Der rot-rot-grüne Wahlkampfhaushalt ist weder ausgeglichen noch gegenfinanziert. SPD, Grüne und Linke bleiben ihrer Linie treu: einig ist man sich im Senat nur im Ausgeben des Steuerzahlergeldes, nicht in der Frage der seriösen Finanzierung. 
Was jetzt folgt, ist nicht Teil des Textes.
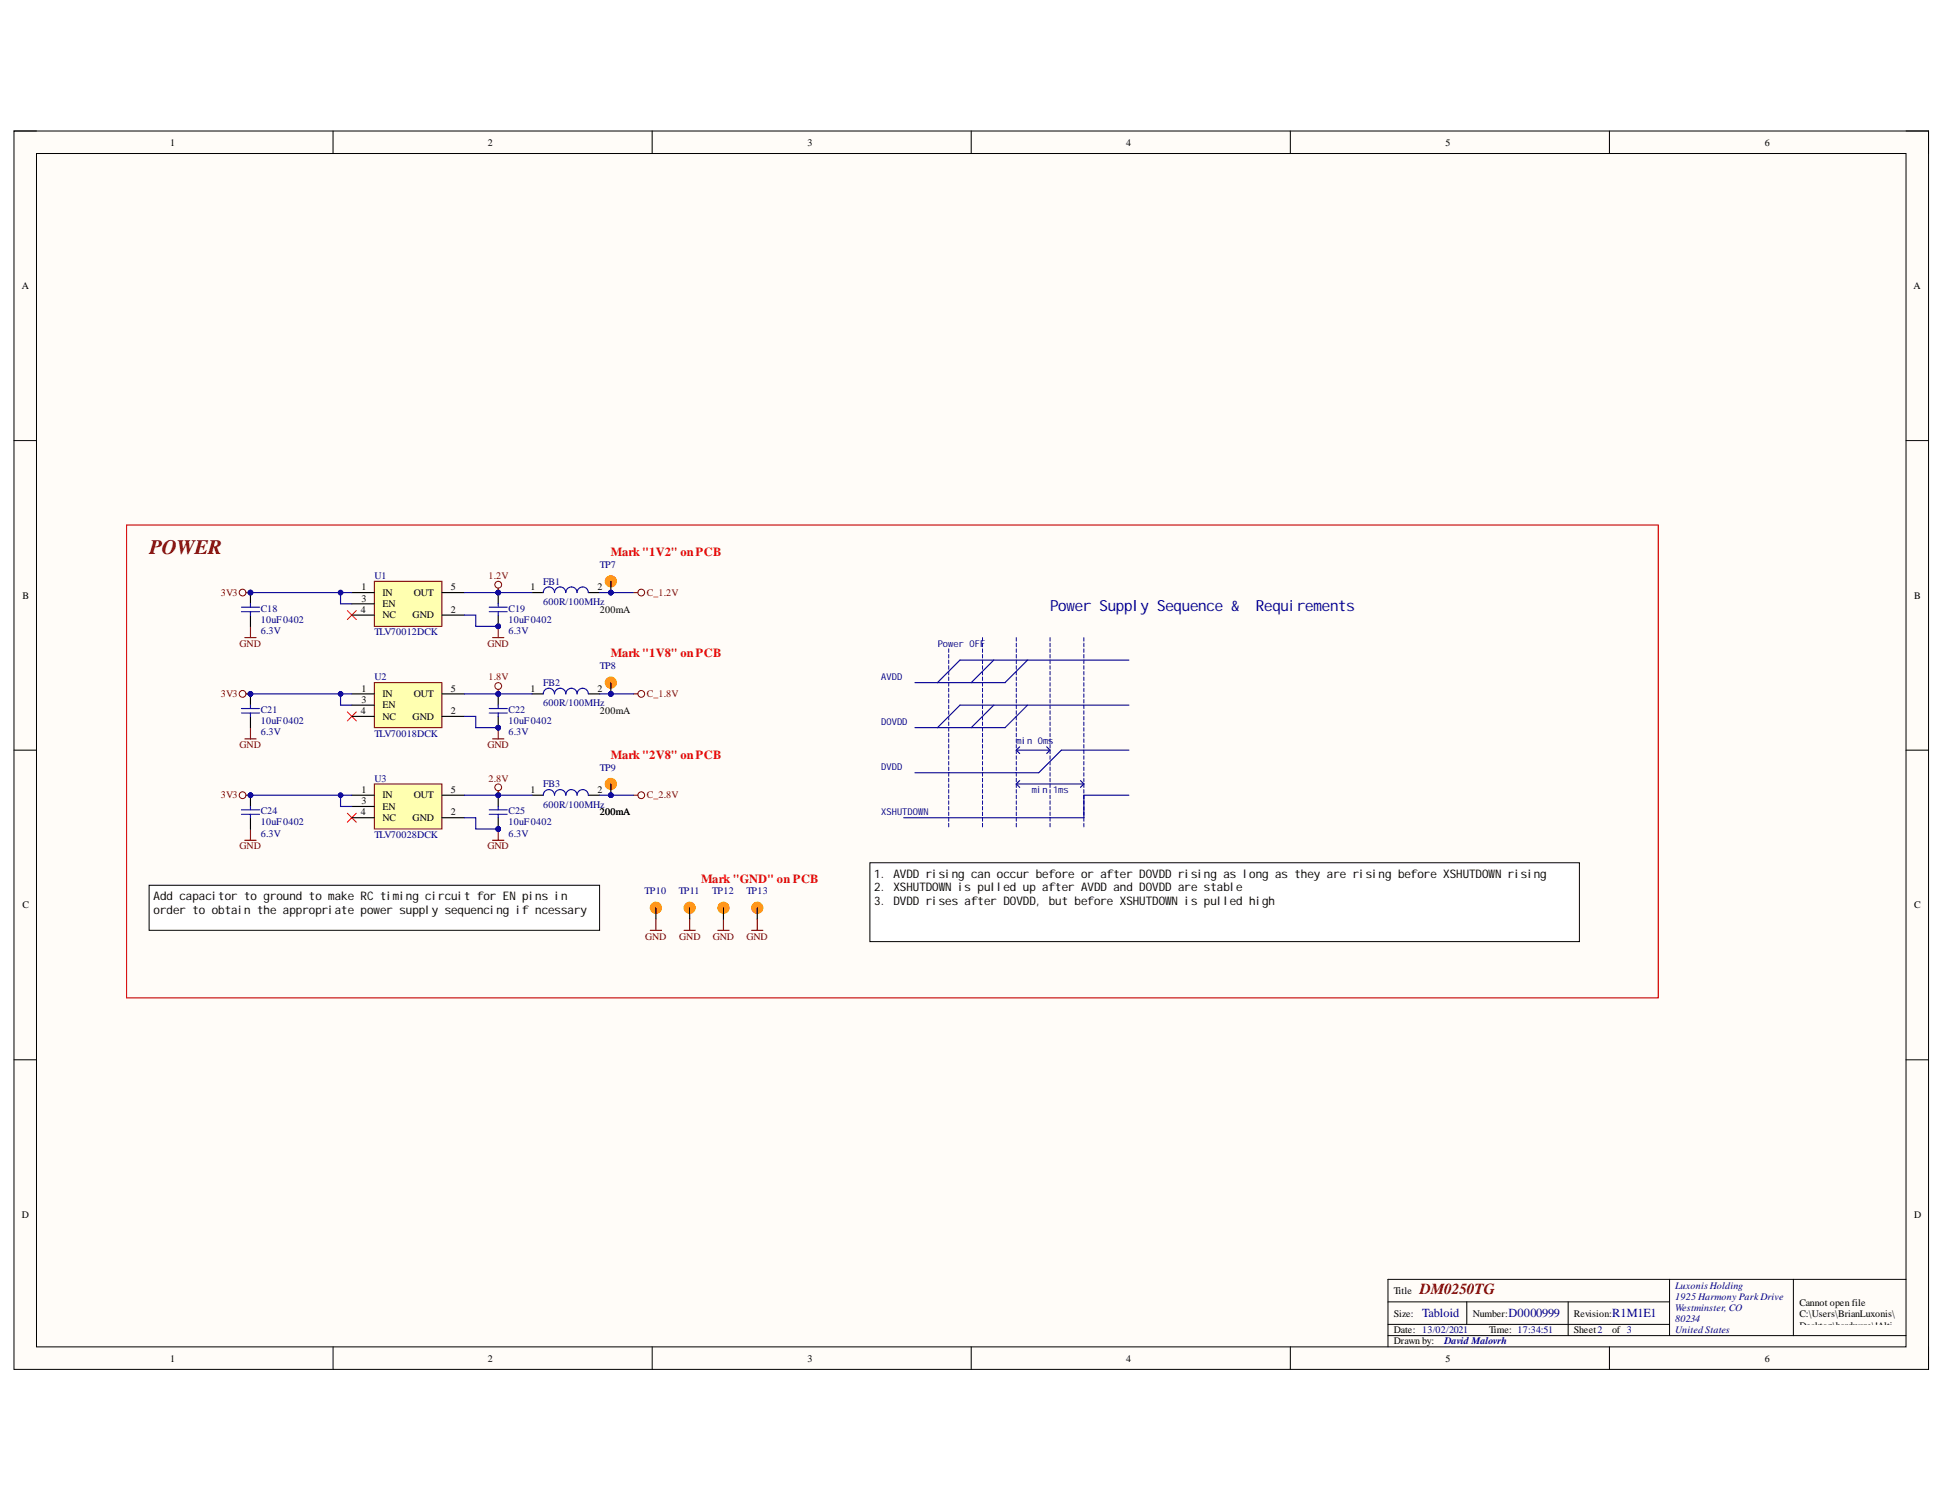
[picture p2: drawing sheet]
<svg xmlns="http://www.w3.org/2000/svg" width="279mm" height="216mm" viewBox="0 0 279 216" stroke-linecap="round" stroke-linejoin="round" font-family="sans-serif">
<path d="M2 18.8h275.2v178h-275.2z" fill-rule="evenodd" fill="#fffcf8"/>
<path d="M2 18.8h275.2v178h-275.2z" fill="none" stroke="#000" stroke-width=".14"/>
<path d="M5.2 22.1h268.7v171.5h-268.7z" fill-rule="evenodd" fill="#fffcf8"/>
<g fill="none" stroke="#000" stroke-width=".14">
<path d="M2 18.8h3.2M47.9 18.8v3.3M93.7 18.8v3.3M139.6 18.8v3.3M185.5 18.8v3.3M231.3 18.8v3.3M273.9 18.8h3.3v3.3M5.2 22.1h268.7v171.5h-268.7zM2 63.3h3.2M273.9 63.3h3.3M2 107.8h3.2M273.9 107.8h3.3"/>
<path d="M2 152.3h3.2M273.9 152.3h3.3M47.9 193.6v3.2M93.7 193.6v3.2M139.6 193.6v3.2M185.5 193.6v3.2M199.5 187.1h40.5M199.5 192h74.4M199.5 190.4h40.5M210.8 187.1v3.3M225.4 187.1v4.9M231.3 193.6v3.2"/>
<path d="M240 183.9v8.1M257.8 183.9v8.1M273.9 183.9h-74.4v9.7M277.2 193.6v3.2"/>
</g>
<path d="M35.2 106.2h1.6M36 104.6v1.6M70.8 106.2h1.6M71.6 104.6v1.6" fill="none" stroke="#800000" stroke-width=".16"/>
<circle cx="71.6" cy="104.6" r=".32" fill="#000080"/>
<circle cx="71.6" cy="104.6" r=".32" fill="none" stroke="#000080" stroke-width=".14"/>
<path d="M49.9 102.3l1.3 1.3M51.2 102.3l-1.3 1.3" fill="none" stroke="#f00" stroke-width=".14"/>
<g fill="none" stroke="#800000" stroke-width=".14">
<circle cx="34.9" cy="99.7" r=".49"/>
<circle cx="92.2" cy="99.7" r=".49"/>
</g>
<path d="M35.3 99.7h.7M91 99.7h.7" fill="none" stroke="#800000" stroke-width=".16"/>
<circle cx="36" cy="99.7" r=".32" fill="#000080"/>
<circle cx="36" cy="99.7" r=".32" fill="none" stroke="#000080" stroke-width=".14"/>
<path d="M35.2 91.6h1.6M36 90v1.6M70.8 91.6h1.6M71.6 90v1.6" fill="none" stroke="#800000" stroke-width=".16"/>
<circle cx="71.6" cy="90" r=".32" fill="#000080"/>
<circle cx="71.6" cy="90" r=".32" fill="none" stroke="#000080" stroke-width=".14"/>
<path d="M49.9 87.8l1.3 1.3M51.2 87.8l-1.3 1.3" fill="none" stroke="#f00" stroke-width=".14"/>
<circle cx="34.9" cy="85.2" r=".48" fill="none" stroke="#800000" stroke-width=".14"/>
<path d="M35.3 85.2h.7" fill="none" stroke="#800000" stroke-width=".16"/>
<circle cx="36" cy="85.2" r=".32" fill="#000080"/>
<circle cx="36" cy="85.2" r=".32" fill="none" stroke="#000080" stroke-width=".14"/>
<path d="M36 119.2v1.6M71.6 119.2v1.6M35.2 120.8h1.6M70.8 120.8h1.6" fill="none" stroke="#800000" stroke-width=".16"/>
<circle cx="71.6" cy="119.2" r=".32" fill="#000080"/>
<circle cx="71.6" cy="119.2" r=".32" fill="none" stroke="#000080" stroke-width=".14"/>
<path d="M49.9 116.9l1.3 1.3M51.2 116.9l-1.3 1.3" fill="none" stroke="#f00" stroke-width=".14"/>
<circle cx="34.9" cy="114.3" r=".49" fill="none" stroke="#800000" stroke-width=".14"/>
<path d="M35.3 114.3h.7" fill="none" stroke="#800000" stroke-width=".16"/>
<circle cx="36" cy="114.3" r=".32" fill="#000080"/>
<circle cx="36" cy="114.3" r=".32" fill="none" stroke="#000080" stroke-width=".14"/>
<g fill="none" stroke="#800000" stroke-width=".14">
<circle cx="92.2" cy="85.2" r=".48"/>
<circle cx="92.2" cy="114.3" r=".49"/>
</g>
<path d="M91 85.2h.7M91 114.3h.7" fill="none" stroke="#800000" stroke-width=".16"/>
<path d="M18.2 75.5h220.1v67.9h-220.1z" fill="none" stroke="#bf0000" stroke-width=".16"/>
<path d="M142.8 94.9l-3.2 3.2M147.7 94.9l-3.3 3.2h-12.9M162.3 94.9h-24.3l-3.3 3.2M142.8 101.4l-3.2 3.2M147.7 101.4l-3.3 3.2h-12.9M152.5 107.8l-3.2 3.3h-8.1M162.3 101.4h-24.3l-3.3 3.2" fill="none" stroke="#11037f" stroke-width=".16"/>
<g fill="none" stroke="#11037f" stroke-width=".14">
<path d="M136.4 93.3v.5M136.4 94.1v.5M136.4 94.9v.5M136.4 95.7v.5M136.4 96.5v.5M136.4 97.3v.5M136.4 98.1v.5M136.4 98.9v.5M136.4 99.7v.5M141.2 91.6v.6M141.2 92.5v.5M141.2 93.3v.5"/>
<path d="M141.2 94.1v.5M141.2 94.9v.5M141.2 95.7v.5M141.2 96.5v.5M141.2 97.3v.5M141.2 98.1v.5M141.2 98.9v.5M141.2 99.7v.5M146.1 91.6v.6M146.1 92.5v.5M146.1 93.3v.5M146.1 94.1v.5"/>
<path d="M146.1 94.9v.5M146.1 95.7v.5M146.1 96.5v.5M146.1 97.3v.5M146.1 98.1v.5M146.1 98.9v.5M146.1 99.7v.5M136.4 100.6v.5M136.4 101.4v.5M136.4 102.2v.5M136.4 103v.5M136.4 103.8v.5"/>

Christian Goiny, haushaltspolitischer Sprecher der CDU-Fraktion Berlin

Christian Goiny, haushaltspolitischer Sprecher der CDU-Fraktion Berlin, erklärt:

„Der rot-rot-grüne Wahlkampfhaushalt ist weder ausgeglichen noch gegenfinanziert. SPD, Grüne und Linke bleiben ihrer Linie treu: einig ist man sich im Senat nur im Ausgeben des Steuerzahlergeldes, nicht in der Frage der seriösen Finanzierung. 

Die vorgesehenen zwei Milliarden Euro als pauschale Minderausgaben sind in dieser Höhe unrealistisch. Damit stehen sämtliche Investitionen wie die für Tegel, das Olympiastadion oder die Oper auf tönernen Füßen, weil deren Finanzierung unklar bleibt.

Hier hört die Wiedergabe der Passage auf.